LiteLLM is useful as a universal bridge when you want to use a provider that doesn't natively support the OpenAI API standard, or when you want to load-balance across multiple providers.
Local Servers
- Llama.cpp
- Lemonade
- LM Studio
- vLLM
- LocalAI
- Docker Model Runner
Llama.cpp runs efficient, quantized GGUF models locally with an OpenAI-compatible API server. See the dedicated Llama.cpp guide for full setup instructions (installation, model download, server startup).
| Setting | Value |
|---|---|
| URL | http://localhost:10000/v1 (or your configured port) |
| API Key | Leave blank |
Quick start:
./llama-server --model /path/to/model.gguf --port 10000 --ctx-size 1024 --n-gpu-layers 40
Lemonade is a plug-and-play ONNX-based OpenAI-compatible server for Windows.
| Setting | Value |
|---|---|
| URL | http://localhost:8000/api/v1 |
| API Key | Leave blank |
Getting started with Lemonade:
- Download the latest
.exeinstaller. - Run
Lemonade_Server_Installer.exe. - Install and download a model using Lemonade's installer.
- Once running, your API endpoint will be
http://localhost:8000/api/v1.

See their docs for details.
Then add the connection in Open WebUI using the URL and API Key above:

LM Studio provides a local OpenAI-compatible server with a GUI for model management.
| Setting | Value |
|---|---|
| URL | http://localhost:1234/v1 |
| API Key | Leave blank (or lm-studio as placeholder) |
Start the server in LM Studio via the "Local Server" tab before connecting.

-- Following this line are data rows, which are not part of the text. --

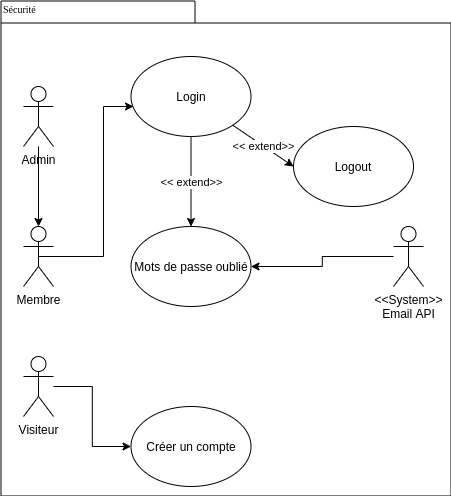

The diagram above was exported from draw.io. Its source (the exported page's mxGraphModel, read from the mxfile embedded in the PNG):
<mxGraphModel dx="1110" dy="786" grid="1" gridSize="10" guides="1" tooltips="1" connect="1" arrows="1" fold="1" page="1" pageScale="1" pageWidth="827" pageHeight="1169" math="0" shadow="0">
  <root>
    <mxCell id="0" />
    <mxCell id="1" parent="0" />
    <mxCell id="Z_Gs4n0SurYEaawrvD11-1" value="" style="shape=folder;fontStyle=1;spacingTop=10;tabWidth=194;tabHeight=22;tabPosition=left;html=1;rounded=0;shadow=0;comic=0;labelBackgroundColor=none;strokeWidth=1;fillColor=none;fontFamily=Verdana;fontSize=10;align=center;" parent="1" vertex="1">
      <mxGeometry x="327.5" y="114.5" width="450" height="495" as="geometry" />
    </mxCell>
    <mxCell id="Z_Gs4n0SurYEaawrvD11-2" value="Sécurité" style="text;html=1;align=left;verticalAlign=top;spacingTop=-4;fontSize=10;fontFamily=Verdana" parent="1" vertex="1">
      <mxGeometry x="327.5" y="114.5" width="130" height="20" as="geometry" />
    </mxCell>
    <mxCell id="Z_Gs4n0SurYEaawrvD11-3" value="" style="edgeStyle=orthogonalEdgeStyle;rounded=0;orthogonalLoop=1;jettySize=auto;html=1;" parent="1" source="Z_Gs4n0SurYEaawrvD11-4" target="Z_Gs4n0SurYEaawrvD11-18" edge="1">
      <mxGeometry relative="1" as="geometry" />
    </mxCell>
    <mxCell id="Z_Gs4n0SurYEaawrvD11-4" value="Admin&lt;br&gt;" style="shape=umlActor;verticalLabelPosition=bottom;verticalAlign=top;html=1;outlineConnect=0;" parent="1" vertex="1">
      <mxGeometry x="350" y="200" width="30" height="60" as="geometry" />
    </mxCell>
    <mxCell id="Z_Gs4n0SurYEaawrvD11-5" value="Login" style="ellipse;whiteSpace=wrap;html=1;" parent="1" vertex="1">
      <mxGeometry x="457.5" y="170" width="120" height="80" as="geometry" />
    </mxCell>
    <mxCell id="Z_Gs4n0SurYEaawrvD11-7" value="Créer un compte" style="ellipse;whiteSpace=wrap;html=1;" parent="1" vertex="1">
      <mxGeometry x="457.5" y="520" width="120" height="80" as="geometry" />
    </mxCell>
    <mxCell id="Z_Gs4n0SurYEaawrvD11-8" value="Logout" style="ellipse;whiteSpace=wrap;html=1;" parent="1" vertex="1">
      <mxGeometry x="620" y="240" width="120" height="80" as="geometry" />
    </mxCell>
    <mxCell id="Z_Gs4n0SurYEaawrvD11-16" value="" style="endArrow=classic;html=1;entryX=0;entryY=0.5;entryDx=0;entryDy=0;" parent="1" source="Z_Gs4n0SurYEaawrvD11-5" target="Z_Gs4n0SurYEaawrvD11-8" edge="1">
      <mxGeometry relative="1" as="geometry">
        <mxPoint x="570" y="409.9999999999999" as="sourcePoint" />
        <mxPoint x="660" y="409.9999999999999" as="targetPoint" />
      </mxGeometry>
    </mxCell>
    <mxCell id="Z_Gs4n0SurYEaawrvD11-17" value="&amp;lt;&amp;lt; extend&amp;gt;&amp;gt;" style="edgeLabel;resizable=0;html=1;align=center;verticalAlign=middle;" parent="Z_Gs4n0SurYEaawrvD11-16" connectable="0" vertex="1">
      <mxGeometry relative="1" as="geometry" />
    </mxCell>
    <mxCell id="Z_Gs4n0SurYEaawrvD11-18" value="Membre" style="shape=umlActor;verticalLabelPosition=bottom;verticalAlign=top;html=1;outlineConnect=0;" parent="1" vertex="1">
      <mxGeometry x="350" y="340" width="30" height="60" as="geometry" />
    </mxCell>
    <mxCell id="Z_Gs4n0SurYEaawrvD11-21" value="" style="edgeStyle=orthogonalEdgeStyle;rounded=0;orthogonalLoop=1;jettySize=auto;html=1;" parent="1" source="Z_Gs4n0SurYEaawrvD11-19" target="Z_Gs4n0SurYEaawrvD11-7" edge="1">
      <mxGeometry relative="1" as="geometry" />
    </mxCell>
    <mxCell id="Z_Gs4n0SurYEaawrvD11-19" value="Visiteur" style="shape=umlActor;verticalLabelPosition=bottom;verticalAlign=top;html=1;outlineConnect=0;" parent="1" vertex="1">
      <mxGeometry x="350" y="470" width="30" height="60" as="geometry" />
    </mxCell>
    <mxCell id="Z_Gs4n0SurYEaawrvD11-20" value="" style="edgeStyle=orthogonalEdgeStyle;rounded=0;orthogonalLoop=1;jettySize=auto;html=1;exitX=0.5;exitY=0.5;exitDx=0;exitDy=0;exitPerimeter=0;" parent="1" source="Z_Gs4n0SurYEaawrvD11-18" edge="1">
      <mxGeometry relative="1" as="geometry">
        <mxPoint x="390" y="240" as="sourcePoint" />
        <mxPoint x="460" y="220" as="targetPoint" />
        <Array as="points">
          <mxPoint x="430" y="370" />
          <mxPoint x="430" y="220" />
        </Array>
      </mxGeometry>
    </mxCell>
    <mxCell id="Z_Gs4n0SurYEaawrvD11-23" value="Mots de passe oublié" style="ellipse;whiteSpace=wrap;html=1;" parent="1" vertex="1">
      <mxGeometry x="457.5" y="340" width="120" height="80" as="geometry" />
    </mxCell>
    <mxCell id="Z_Gs4n0SurYEaawrvD11-28" value="" style="endArrow=classic;html=1;entryX=0.5;entryY=0;entryDx=0;entryDy=0;" parent="1" source="Z_Gs4n0SurYEaawrvD11-5" target="Z_Gs4n0SurYEaawrvD11-23" edge="1">
      <mxGeometry relative="1" as="geometry">
        <mxPoint x="563.3973539490758" y="252.0512088831033" as="sourcePoint" />
        <mxPoint x="640" y="320" as="targetPoint" />
      </mxGeometry>
    </mxCell>
    <mxCell id="Z_Gs4n0SurYEaawrvD11-29" value="&amp;lt;&amp;lt; extend&amp;gt;&amp;gt;" style="edgeLabel;resizable=0;html=1;align=center;verticalAlign=middle;" parent="Z_Gs4n0SurYEaawrvD11-28" connectable="0" vertex="1">
      <mxGeometry relative="1" as="geometry" />
    </mxCell>
    <mxCell id="Z_Gs4n0SurYEaawrvD11-33" style="edgeStyle=orthogonalEdgeStyle;rounded=0;orthogonalLoop=1;jettySize=auto;html=1;" parent="1" source="Z_Gs4n0SurYEaawrvD11-30" target="Z_Gs4n0SurYEaawrvD11-23" edge="1">
      <mxGeometry relative="1" as="geometry" />
    </mxCell>
    <mxCell id="Z_Gs4n0SurYEaawrvD11-30" value="&amp;lt;&amp;lt;System&amp;gt;&amp;gt;&lt;br&gt;Email API" style="shape=umlActor;verticalLabelPosition=bottom;verticalAlign=top;html=1;outlineConnect=0;" parent="1" vertex="1">
      <mxGeometry x="720" y="340" width="30" height="60" as="geometry" />
    </mxCell>
  </root>
</mxGraphModel>

vLLM is a high-throughput inference engine with an OpenAI-compatible server. See the dedicated vLLM guide for full setup instructions.
| Setting | Value |
|---|---|
| URL | http://localhost:8000/v1 (default vLLM port) |
| API Key | Leave blank (unless configured) |
LocalAI is a drop-in OpenAI-compatible replacement that runs models locally.
| Setting | Value |
|---|---|
| URL | http://localhost:8080/v1 |
| API Key | Leave blank |
Docker Model Runner runs AI models directly in Docker containers.
| Setting | Value |
|---|---|
| URL | http://localhost:12434/engines/llama.cpp/v1 |
| API Key | Leave blank |
See the Docker Model Runner docs for setup instructions.
If your server is slow to start or you're connecting over a high-latency network, you can adjust the model list fetch timeout:
# Adjust timeout for slower connections (default is 10 seconds)
AIOHTTP_CLIENT_TIMEOUT_MODEL_LIST=5
If you've saved an unreachable URL and the UI becomes unresponsive, see the Model List Loading Issues troubleshooting guide for recovery options.
Required API Endpoints
To ensure full compatibility with Open WebUI, your server should implement the following OpenAI-standard endpoints:
| Endpoint | Method | Required? | Purpose |
|---|---|---|---|
/v1/models | GET | Recommended | Used for model discovery and selecting models in the UI. If not available, add models to the allowlist manually. |
/v1/chat/completions | POST | Yes | The core endpoint for chat, supporting streaming and parameters like temperature. |
/v1/embeddings | POST | No | Required if you want to use this provider for RAG (Retrieval Augmented Generation). |
/v1/audio/speech | POST | No | Required for Text-to-Speech (TTS) functionality. |
/v1/audio/transcriptions | POST | No | Required for Speech-to-Text (STT/Whisper) functionality. |
/v1/images/generations | POST | No | Required for Image Generation (DALL-E) functionality. |
Supported Parameters
Open WebUI passes standard OpenAI parameters such as temperature, top_p, max_tokens (or max_completion_tokens), stop, seed, and logit_bias. It also supports Tool Use (Function Calling) if your model and server support the tools and tool_choice parameters.
Step 2: Start Chatting!
Select your connected provider's model in the chat menu and get started!
That's it! Whether you choose a cloud provider or a local server, you can manage multiple connections — all from within Open WebUI.
🚀 Enjoy building your perfect AI setup!